Is Harry Potter and the Philosopher’s Stone a Christmas film? From the winter wonderland of Hogsmeade (albeit featuring in a later film) to the cosy firesides of Hogwarts itself, there are certainly strong arguments to be made. In fact, one of the most memorable moments from the first film is the castle’s transformation into a Christmas extravaganza and Ron receiving a monogrammed jumper. Oh, and Harry receiving a uniquely powerful magical artefact, the privileged so-and-so.

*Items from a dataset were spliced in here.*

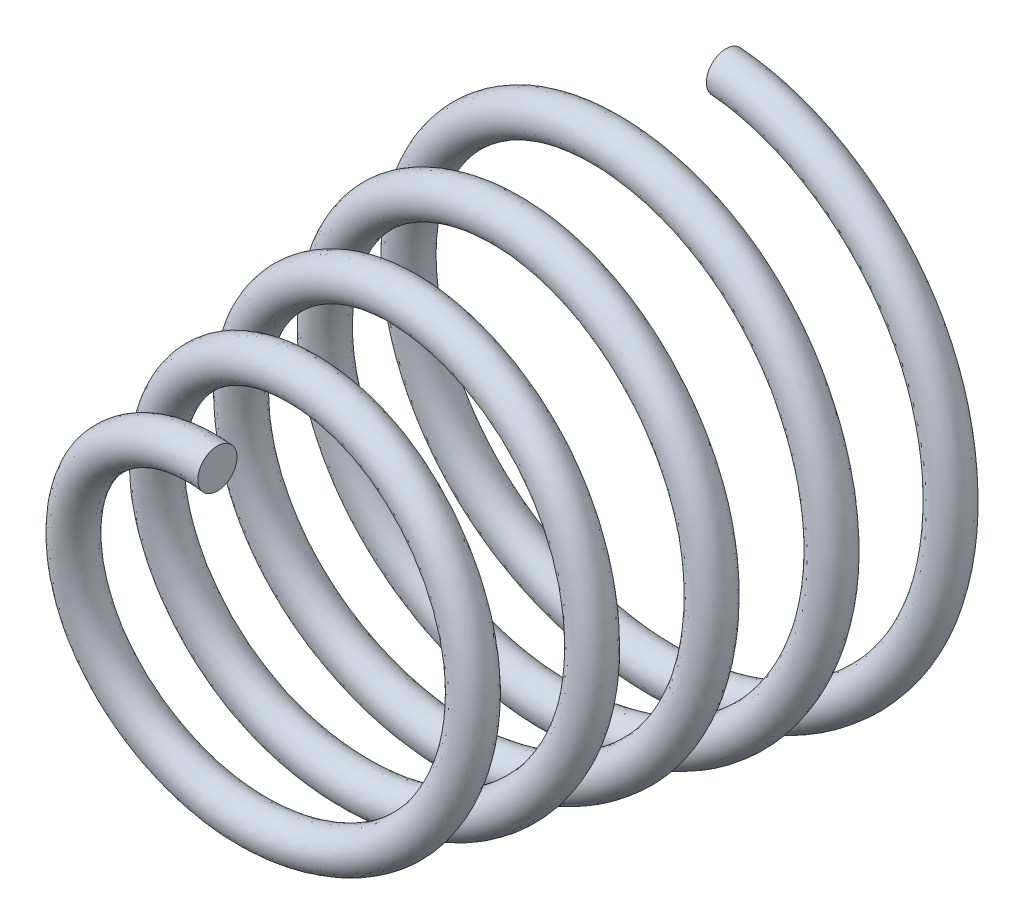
ISO-10303-21;
HEADER;
FILE_DESCRIPTION(('STEP AP214'),'2;1');
FILE_NAME('part.step','',(''),(''),'','','');
FILE_SCHEMA(('AUTOMOTIVE_DESIGN { 1 0 10303 214 1 1 1 1 }'));
ENDSEC;
DATA;
#1=APPLICATION_CONTEXT('core data for automotive mechanical design processes');
#2=APPLICATION_PROTOCOL_DEFINITION('international standard','automotive_design',2000,#1);
#3=PRODUCT_CONTEXT('',#1,'mechanical');
#4=PRODUCT('Part','Part','',(#3));
#5=PRODUCT_RELATED_PRODUCT_CATEGORY('part','',(#4));
#6=PRODUCT_DEFINITION_FORMATION('','',#4);
#7=PRODUCT_DEFINITION_CONTEXT('part definition',#1,'design');
#8=PRODUCT_DEFINITION('design','',#6,#7);
#9=PRODUCT_DEFINITION_SHAPE('','',#8);
#10=(LENGTH_UNIT() NAMED_UNIT(*) SI_UNIT(.MILLI.,.METRE.));
#11=(NAMED_UNIT(*) PLANE_ANGLE_UNIT() SI_UNIT($,.RADIAN.));
#12=(NAMED_UNIT(*) SI_UNIT($,.STERADIAN.) SOLID_ANGLE_UNIT());
#13=UNCERTAINTY_MEASURE_WITH_UNIT(LENGTH_MEASURE(1.E-05),#10,'distance_accuracy_value','');
#14=(GEOMETRIC_REPRESENTATION_CONTEXT(3) GLOBAL_UNCERTAINTY_ASSIGNED_CONTEXT((#13)) GLOBAL_UNIT_ASSIGNED_CONTEXT((#10,
#11,#12)) REPRESENTATION_CONTEXT('',''));
#15=CARTESIAN_POINT('',(0.,0.,0.));
#16=DIRECTION('',(0.,0.,1.));
#17=DIRECTION('',(1.,0.,0.));
#18=AXIS2_PLACEMENT_3D('',#15,#16,#17);
#19=CARTESIAN_POINT('',(0.,3.25116537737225,0.000122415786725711));
#20=DIRECTION('',(1.,0.,0.));
#21=DIRECTION('',(0.,0.,-1.));
#22=AXIS2_PLACEMENT_3D('',#19,#20,#21);
#23=PLANE('',#22);
#24=CARTESIAN_POINT('',(0.,3.25116537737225,0.000122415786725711));
#25=DIRECTION('',(1.,0.,0.));
#26=DIRECTION('',(0.,0.,-1.));
#27=AXIS2_PLACEMENT_3D('',#24,#25,#26);
#28=CIRCLE('',#27,0.25);
#29=CARTESIAN_POINT('',(0.,3.25116537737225,-0.249877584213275));
#30=VERTEX_POINT('',#29);
#31=EDGE_CURVE('E42',#30,#30,#28,.T.);
#32=ORIENTED_EDGE('',*,*,#31,.F.);
#33=EDGE_LOOP('',(#32));
#34=FACE_BOUND('',#33,.T.);
#35=ADVANCED_FACE('F32',(#34),#23,.F.);
#36=CARTESIAN_POINT('',(1.50995920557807E-13,2.10504000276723,6.50012241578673));
#37=DIRECTION('',(1.,0.,0.));
#38=DIRECTION('',(0.,0.,-1.));
#39=AXIS2_PLACEMENT_3D('',#36,#37,#38);
#40=PLANE('',#39);
#41=CARTESIAN_POINT('',(1.50995920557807E-13,2.10504000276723,6.50012241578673));
#42=DIRECTION('',(1.,0.,0.));
#43=DIRECTION('',(0.,0.,-1.));
#44=AXIS2_PLACEMENT_3D('',#41,#42,#43);
#45=CIRCLE('',#44,0.25);
#46=CARTESIAN_POINT('',(1.50995920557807E-13,2.10504000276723,6.25012241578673));
#47=VERTEX_POINT('',#46);
#48=EDGE_CURVE('E11',#47,#47,#45,.T.);
#49=ORIENTED_EDGE('',*,*,#48,.T.);
#50=EDGE_LOOP('',(#49));
#51=FACE_BOUND('',#50,.T.);
#52=ADVANCED_FACE('F49',(#51),#40,.T.);
#53=CARTESIAN_POINT('',(0.,3.25116537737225,-0.249877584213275));
#54=CARTESIAN_POINT('',(1.06394966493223,3.23922626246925,-0.182169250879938));
#55=CARTESIAN_POINT('',(2.09881148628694,2.6678708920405,-0.114460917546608));
#56=CARTESIAN_POINT('',(3.24811841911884,0.904833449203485,0.0209557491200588));
#57=CARTESIAN_POINT('',(3.34671533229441,-0.260030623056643,0.088664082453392));
#58=CARTESIAN_POINT('',(2.52829474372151,-2.17347822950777,0.224080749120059));
#59=CARTESIAN_POINT('',(1.62464478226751,-2.89431578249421,0.291789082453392));
#60=CARTESIAN_POINT('',(-0.398027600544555,-3.27230521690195,0.427205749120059));
#61=CARTESIAN_POINT('',(-1.48689320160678,-2.92522453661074,0.494914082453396));
#62=CARTESIAN_POINT('',(-2.90834071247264,-1.4700093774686,0.630330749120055));
#63=CARTESIAN_POINT('',(-3.22089407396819,-0.384352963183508,0.698039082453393));
#64=CARTESIAN_POINT('',(-2.8052140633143,1.58302039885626,0.833455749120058));
#65=CARTESIAN_POINT('',(-2.0844756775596,2.43593580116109,0.901164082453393));
#66=CARTESIAN_POINT('',(-0.239382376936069,3.17435383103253,1.03658074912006));
#67=CARTESIAN_POINT('',(0.857180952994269,3.05021958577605,1.10428908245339));
#68=CARTESIAN_POINT('',(2.47674096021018,1.93934716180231,1.23970574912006));
#69=CARTESIAN_POINT('',(2.97657270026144,0.970170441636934,1.3074140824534));
#70=CARTESIAN_POINT('',(2.95269536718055,-0.970170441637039,1.44283074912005));
#71=CARTESIAN_POINT('',(2.43071836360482,-1.91266342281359,1.51053908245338));
#72=CARTESIAN_POINT('',(0.823609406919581,-2.95778227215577,1.64595574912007));
#73=CARTESIAN_POINT('',(-0.237009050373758,-3.04611188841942,1.71366408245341));
#74=CARTESIAN_POINT('',(-1.97719820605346,-2.29945729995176,1.84908074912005));
#75=CARTESIAN_POINT('',(-2.63158305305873,-1.47678019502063,1.91678908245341));
#76=CARTESIAN_POINT('',(-2.97298649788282,0.361961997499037,2.05220574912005));
#77=CARTESIAN_POINT('',(-2.65631314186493,1.350588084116,2.11991408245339));
#78=CARTESIAN_POINT('',(-1.33370425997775,2.6394293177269,2.25533074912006));
#79=CARTESIAN_POINT('',(-0.348287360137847,2.92157535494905,2.32303908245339));
#80=CARTESIAN_POINT('',(1.43515581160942,2.5424813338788,2.45845574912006));
#81=CARTESIAN_POINT('',(2.20709835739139,1.88819565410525,2.52616408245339));
#82=CARTESIAN_POINT('',(2.87375038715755,0.216360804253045,2.66158074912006));
#83=CARTESIAN_POINT('',(2.75988343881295,-0.775956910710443,2.72928908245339));
#84=CARTESIAN_POINT('',(1.75319909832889,-2.23958843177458,2.86470574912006));
#85=CARTESIAN_POINT('',(0.876403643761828,-2.6900413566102,2.93241408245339));
#86=CARTESIAN_POINT('',(-0.876403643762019,-2.66616402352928,3.06783074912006));
#87=CARTESIAN_POINT('',(-1.72651535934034,-2.19356583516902,3.13553908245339));
#88=CARTESIAN_POINT('',(-2.66744612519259,-0.742385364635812,3.27095574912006));
#89=CARTESIAN_POINT('',(-2.74550844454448,0.213987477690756,3.33866408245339));
#90=CARTESIAN_POINT('',(-2.07061985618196,1.78091818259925,3.47408074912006));
#91=CARTESIAN_POINT('',(-1.32891560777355,2.36885032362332,3.54178908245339));
#92=CARTESIAN_POINT('',(0.325896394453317,2.67366777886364,3.67720574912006));
#93=CARTESIAN_POINT('',(1.21428296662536,2.38740174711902,3.74491408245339));
#94=CARTESIAN_POINT('',(2.370517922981,1.19739914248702,3.88033074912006));
#95=CARTESIAN_POINT('',(2.6222566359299,0.312221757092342,3.94803908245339));
#96=CARTESIAN_POINT('',(2.2797486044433,-1.28729122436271,4.08345574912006));
#97=CARTESIAN_POINT('',(1.6919156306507,-1.97826091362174,4.15116408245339));
#98=CARTESIAN_POINT('',(0.193339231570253,-2.57314694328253,4.28658074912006));
#99=CARTESIAN_POINT('',(-0.69473286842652,-2.46954729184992,4.35428908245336));
#100=CARTESIAN_POINT('',(-2.00243590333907,-1.56705103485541,4.48970574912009));
#101=CARTESIAN_POINT('',(-2.40351001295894,-0.782636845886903,4.55741408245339));
#102=CARTESIAN_POINT('',(-2.37963267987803,0.782636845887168,4.69283074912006));
#103=CARTESIAN_POINT('',(-1.95641330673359,1.54036729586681,4.76053908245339));
#104=CARTESIAN_POINT('',(-0.661161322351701,2.37710997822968,4.89595574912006));
#105=CARTESIAN_POINT('',(0.190965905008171,2.44490500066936,4.96366408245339));
#106=CARTESIAN_POINT('',(1.58463815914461,1.84178241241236,5.09908074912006));
#107=CARTESIAN_POINT('',(2.10611759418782,1.18105102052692,5.16678908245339));
#108=CARTESIAN_POINT('',(2.37434905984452,-0.289830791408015,5.30220574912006));
#109=CARTESIAN_POINT('',(2.11849035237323,-1.07797784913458,5.36991408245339));
#110=CARTESIAN_POINT('',(1.06109402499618,-2.10160652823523,5.50533074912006));
#111=CARTESIAN_POINT('',(0.276156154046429,-2.32293791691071,5.57303908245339));
#112=CARTESIAN_POINT('',(-1.13942663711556,-2.01701587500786,5.70845574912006));
#113=CARTESIAN_POINT('',(-1.74942346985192,-1.49563560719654,5.77616408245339));
#114=CARTESIAN_POINT('',(-2.27254349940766,-0.170317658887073,5.91158074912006));
#115=CARTESIAN_POINT('',(-2.17921114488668,0.613508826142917,5.97928908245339));
#116=CARTESIAN_POINT('',(-1.38090297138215,1.76528337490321,6.11470574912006));
#117=CARTESIAN_POINT('',(-0.688878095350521,2.11697906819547,6.18241408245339));
#118=CARTESIAN_POINT('',(1.50995920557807E-13,2.10504000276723,6.25012241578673));
#119=CARTESIAN_POINT('',(0.,3.75116537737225,-0.249877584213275));
#120=CARTESIAN_POINT('',(1.22757555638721,3.73922625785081,-0.182169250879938));
#121=CARTESIAN_POINT('',(2.42364167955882,3.08170437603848,-0.114460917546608));
#122=CARTESIAN_POINT('',(3.75475783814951,1.0465701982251,0.0209557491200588));
#123=CARTESIAN_POINT('',(3.87127128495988,-0.300203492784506,0.088664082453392));
#124=CARTESIAN_POINT('',(2.92761832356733,-2.515988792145,0.224080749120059));
#125=CARTESIAN_POINT('',(1.88266993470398,-3.35278696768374,0.291789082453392));
#126=CARTESIAN_POINT('',(-0.460962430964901,-3.79461931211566,0.427205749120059));
#127=CARTESIAN_POINT('',(-1.72474696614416,-3.39447755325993,0.494914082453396));
#128=CARTESIAN_POINT('',(-3.37759372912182,-1.70786314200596,0.630330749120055));
#129=CARTESIAN_POINT('',(-3.7432081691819,-0.447287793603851,0.698039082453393));
#130=CARTESIAN_POINT('',(-3.26368524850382,1.84104555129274,0.833455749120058));
#131=CARTESIAN_POINT('',(-2.42698624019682,2.83525938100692,0.901164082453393));
#132=CARTESIAN_POINT('',(-0.279555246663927,3.698909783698,1.03658074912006));
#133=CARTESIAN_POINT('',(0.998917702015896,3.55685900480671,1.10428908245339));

But even though Christmas really does happen in Harry Potter and the Philosopher’s Stone (2001), you’d be hard-pressed to argue it’s a Christmas film overall. Not only is the franchise its own beast, but there are far more memorable moments than the Christmassy parts. After all, who could forget the troll – the troll! – in the dungeon? The first Harry Potter film just can’t be called a Christmas film – we thought you ought to know.

It’s A Wonderful Life

Maybe it’s ambitious to disqualify what many see as the greatest Christmas film of all time from the festive rankings – but hear us out! It’s a Wonderful Life (1946) is a bonafide Frank Capra classic, and follows the downtrodden George Bailey, whose near-suicide summons his guardian angel. Proving that Bailey has in fact made the world a much better place, the angel gains his wings and the credits roll. It’s a heartwarming story of how each human life has value but the trouble is, it doesn’t have much to do with Christmas

Sure, George Bailey contemplates suicide on Christmas Eve, and the idea of an angel coming down from heaven fits with the classic nativity story, but otherwise, the plot of It’s a Wonderful Life is far more concerned with the life of one man and the fate of a local building society. You wouldn’t go see a random man at Nationwide and tell him he’s God’s gift to Christmas, would you?

Mean Girls

Mean Girls sees Cady Heron, played by Lindsey Lohan, transfer to a toxic high school with several competing social factions. It covers the full school year, which naturally includes Christmas. Mean Girls does feature Damian dressing up as Santa Claus, and a relatively risqué rendition of Jingle Bell Rock, both of which form the cornerstone of arguing that this is a Christmas film. But, beware, as not all is as it seems.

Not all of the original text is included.